# Why the Magic Need to Draft a Perimeter Player in the 2013 NBA Draft



## Basel (Mar 31, 2005)

> With the Orlando Magic currently standing at 17-46, it is looking increasingly likely that they will end up having a top five lottery selection in the 2013 NBA Draft. Unfortunately for the Magic there is no clear franchise guy in the 2013 crop of prospects.
> 
> Nerlens Noel, Shabazz Muhammad, Ben McLemore, Anthony Bennett and Cody Zeller have all been discussed as possible #1 picks at some point. Oklahoma State freshman Marcus Smart is another name that has received some strong momentum as of late.
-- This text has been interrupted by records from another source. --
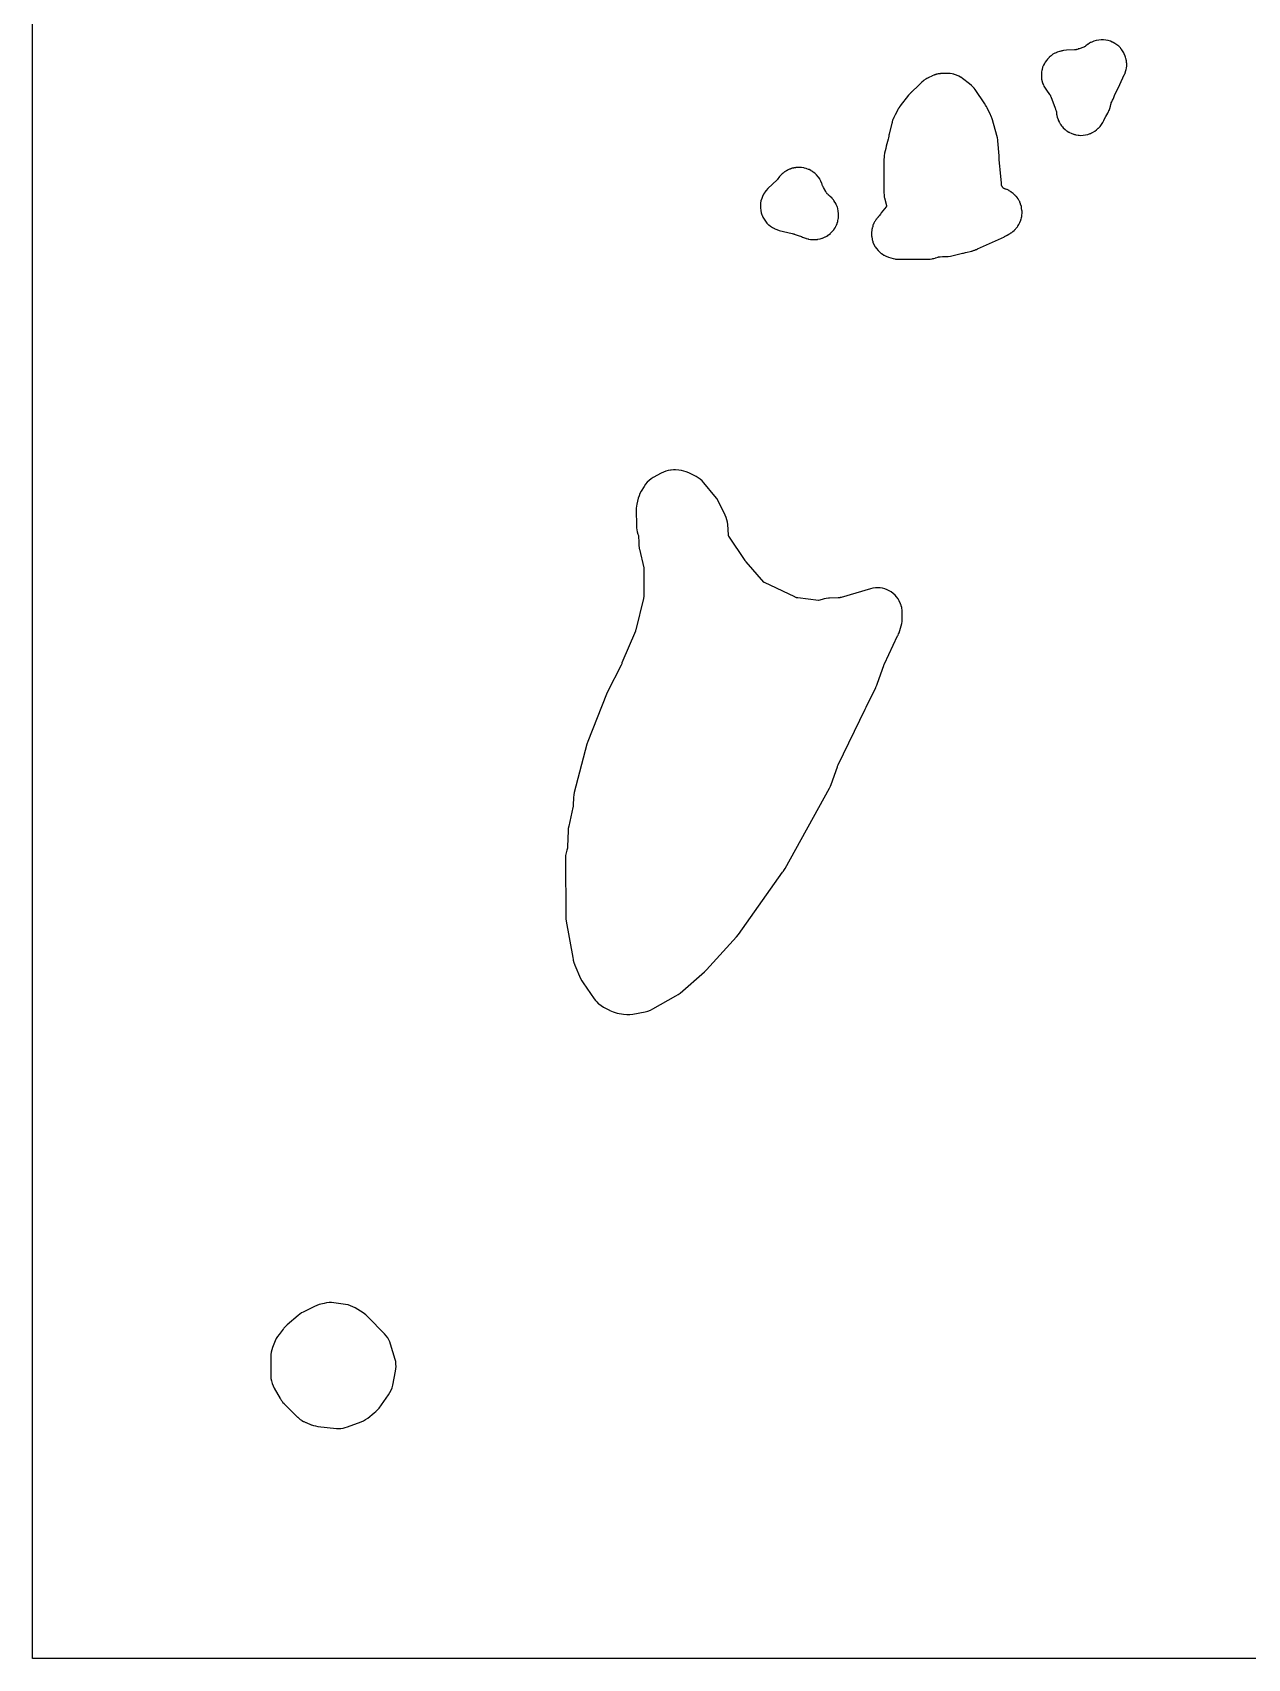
# Model space of a CAD drawing. Header units: millimetres. Extents: x 0 to 300, y 0 to 300.
# Drawn here: x 0 to 123.3, y 0 to 165.1 of the extents above; entities that cross this region are included whole.
import ezdxf

# ---------------------------------------------------------------- set-up
doc = ezdxf.new("R2010")
doc.units = ezdxf.units.MM
doc.layers.add('CUT', color=7, linetype='CONTINUOUS')

msp = doc.modelspace()

# ---------------------------------------------------------------- linework, layer by layer
at = {"layer": 'CUT'}
msp.add_lwpolyline([(299.96, 299.94), (299.96, 0.06), (299.96, 0.05), (299.96, 0.02), (299.96, 0.01), (299.95, 0), (299.94, 0), (299.91, 0), (299.9, 0), (0.06, 0), (0.05, 0), (0.02, 0), (0.01, 0), (0.01, 0.01), (0, 0.01), (0, 0.02), (0, 0.05), (0, 0.06), (0, 299.94)], dxfattribs=at)
for points in [[(103.3, 158.69), (103.3, 158.68), (103.31, 158.66), (103.32, 158.65), (103.32, 158.64), (103.32, 158.63), (103.33, 158.6), (103.34, 158.58), (103.35, 158.55), (103.79, 157.36), (103.82, 157.29), (103.85, 157.22), (103.89, 157.11), (103.91, 157.05), (103.91, 157.04), (103.92, 157.04), (103.92, 157.03), (103.92, 157.02), (103.92, 157.01), (103.92, 157), (103.93, 156.99), (103.93, 156.97), (103.93, 156.96), (103.93, 156.95), (103.93, 156.94), (103.94, 156.84), (103.95, 156.74), (103.96, 156.71), (103.96, 156.7), (103.96, 156.69), (103.96, 156.68), (103.97, 156.64), (104.01, 156.45), (104.02, 156.45), (104.09, 156.22), (104.11, 156.18), (104.12, 156.15), (104.19, 155.99), (104.21, 155.95), (104.22, 155.94), (104.23, 155.92), (104.31, 155.78), (104.32, 155.77), (104.36, 155.71), (104.36, 155.7), (104.37, 155.69), (104.45, 155.57), (104.46, 155.57), (104.53, 155.49), (104.62, 155.39), (104.62, 155.38), (104.8, 155.21), (104.93, 155.11), (104.99, 155.06), (105, 155.06), (105.01, 155.05), (105.03, 155.04), (105.2, 154.93), (105.21, 154.93), (105.22, 154.92), (105.26, 154.9), (105.42, 154.82), (105.43, 154.82), (105.66, 154.73), (105.71, 154.72), (105.76, 154.71), (105.83, 154.69), (105.9, 154.67), (106.14, 154.63), (106.15, 154.63), (106.16, 154.63), (106.18, 154.63), (106.2, 154.63), (106.22, 154.62), (106.39, 154.61), (106.4, 154.61), (106.63, 154.62), (106.64, 154.62), (106.89, 154.65), (107.12, 154.71), (107.13, 154.71), (107.36, 154.79), (107.37, 154.79), (107.5, 154.86), (107.52, 154.87), (107.58, 154.9), (107.59, 154.9), (107.81, 155.02), (108.01, 155.17), (108.18, 155.33), (108.19, 155.34), (108.36, 155.52), (108.5, 155.71), (108.51, 155.72), (108.63, 155.93), (108.74, 156.13), (108.74, 156.14), (108.95, 156.54), (109.14, 156.88), (109.16, 156.92), (109.17, 156.94), (109.2, 157), (109.26, 157.13), (109.27, 157.14), (109.35, 157.35), (109.41, 157.57), (109.45, 157.76), (109.48, 157.85), (109.49, 157.9), (109.5, 157.92), (109.54, 158), (109.63, 158.2), (109.68, 158.3), (109.75, 158.46), (109.83, 158.64), (110.36, 159.76), (110.82, 160.74), (110.82, 160.75), (110.84, 160.79), (110.85, 160.81), (110.86, 160.84), (110.87, 160.86), (110.89, 160.89), (110.9, 160.92), (110.92, 160.97), (110.99, 161.2), (110.99, 161.21), (110.99, 161.23), (111, 161.25), (111.01, 161.29), (111.01, 161.31), (111.04, 161.44), (111.06, 161.67), (111.06, 161.68), (111.06, 161.69), (111.06, 161.93), (111.06, 161.95), (111.06, 161.96), (111.05, 161.97), (111.05, 161.99), (111.03, 162.17), (111.03, 162.18), (111.01, 162.28), (111, 162.33), (111, 162.35), (111, 162.36), (110.99, 162.41), (110.99, 162.42), (110.95, 162.54), (110.92, 162.65), (110.91, 162.65), (110.82, 162.87), (110.79, 162.93), (110.78, 162.95), (110.78, 162.96), (110.76, 163), (110.71, 163.09), (110.64, 163.19), (110.57, 163.29), (110.55, 163.31), (110.53, 163.35), (110.48, 163.41), (110.46, 163.43), (110.42, 163.48), (110.25, 163.65), (110.25, 163.66), (110.06, 163.81), (109.86, 163.95), (109.68, 164.04), (109.64, 164.06), (109.62, 164.07), (109.6, 164.08), (109.42, 164.16), (109.18, 164.23), (108.95, 164.28), (108.94, 164.28), (108.7, 164.31), (108.46, 164.31), (108.22, 164.29), (107.98, 164.24), (107.97, 164.24), (107.74, 164.17), (107.52, 164.08), (107.51, 164.07), (107.43, 164.03), (107.42, 164.03), (107.4, 164.02), (107.3, 163.97), (107.29, 163.96), (107.1, 163.84), (107.09, 163.83), (106.92, 163.71), (106.88, 163.68), (106.83, 163.64), (106.78, 163.61), (106.77, 163.6), (106.75, 163.59), (106.74, 163.59), (106.72, 163.58), (106.71, 163.58), (106.22, 163.41), (106.14, 163.38), (106.12, 163.37), (106.04, 163.34), (105.95, 163.31), (105.93, 163.3), (105.92, 163.3), (105.91, 163.3), (105.87, 163.29), (105.85, 163.28), (105.83, 163.28), (105.81, 163.28), (105.78, 163.28), (105.77, 163.28), (104.96, 163.25), (104.68, 163.22), (104.67, 163.22), (104.66, 163.22), (104.65, 163.21), (104.56, 163.19), (104.5, 163.18), (104.48, 163.18), (104.41, 163.17), (104.37, 163.16), (104.26, 163.13), (104.24, 163.12), (104.02, 163.05), (104.01, 163.04), (103.94, 163.01), (103.92, 163), (103.91, 163), (103.81, 162.96), (103.8, 162.95), (103.79, 162.94), (103.78, 162.94), (103.77, 162.94), (103.58, 162.84), (103.38, 162.7), (103.19, 162.54), (103.19, 162.53), (103.02, 162.36), (103.02, 162.35), (103.01, 162.33), (102.95, 162.26), (102.94, 162.24), (102.87, 162.17), (102.87, 162.16), (102.82, 162.08), (102.8, 162.05), (102.77, 162.01), (102.74, 161.96), (102.74, 161.95), (102.7, 161.88), (102.7, 161.87), (102.67, 161.83), (102.63, 161.75), (102.62, 161.73), (102.53, 161.52), (102.47, 161.28), (102.47, 161.27), (102.47, 161.25), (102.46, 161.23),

Despite the lack of a consensus lead pick, there is still quality to be had in the upcoming draft.
> 
> ...


http://prestointhepaint.com/2013/03...aft-a-perimeter-player-in-the-2013-nba-draft/


----------



## Floods (Oct 25, 2005)

Orlando's in no position to discriminate based on need. They need everything.


----------



## hobojoe (Jun 20, 2003)

Floods said:


> Orlando's in no position to discriminate based on need. They need everything.


Agreed. I do want them to take Ben McLemore because I think he's going to be the best player, not based on "need". If you suck enough to pick in the top 2 or 3, you take the best player available every single time and don't make decisions based on need.


----------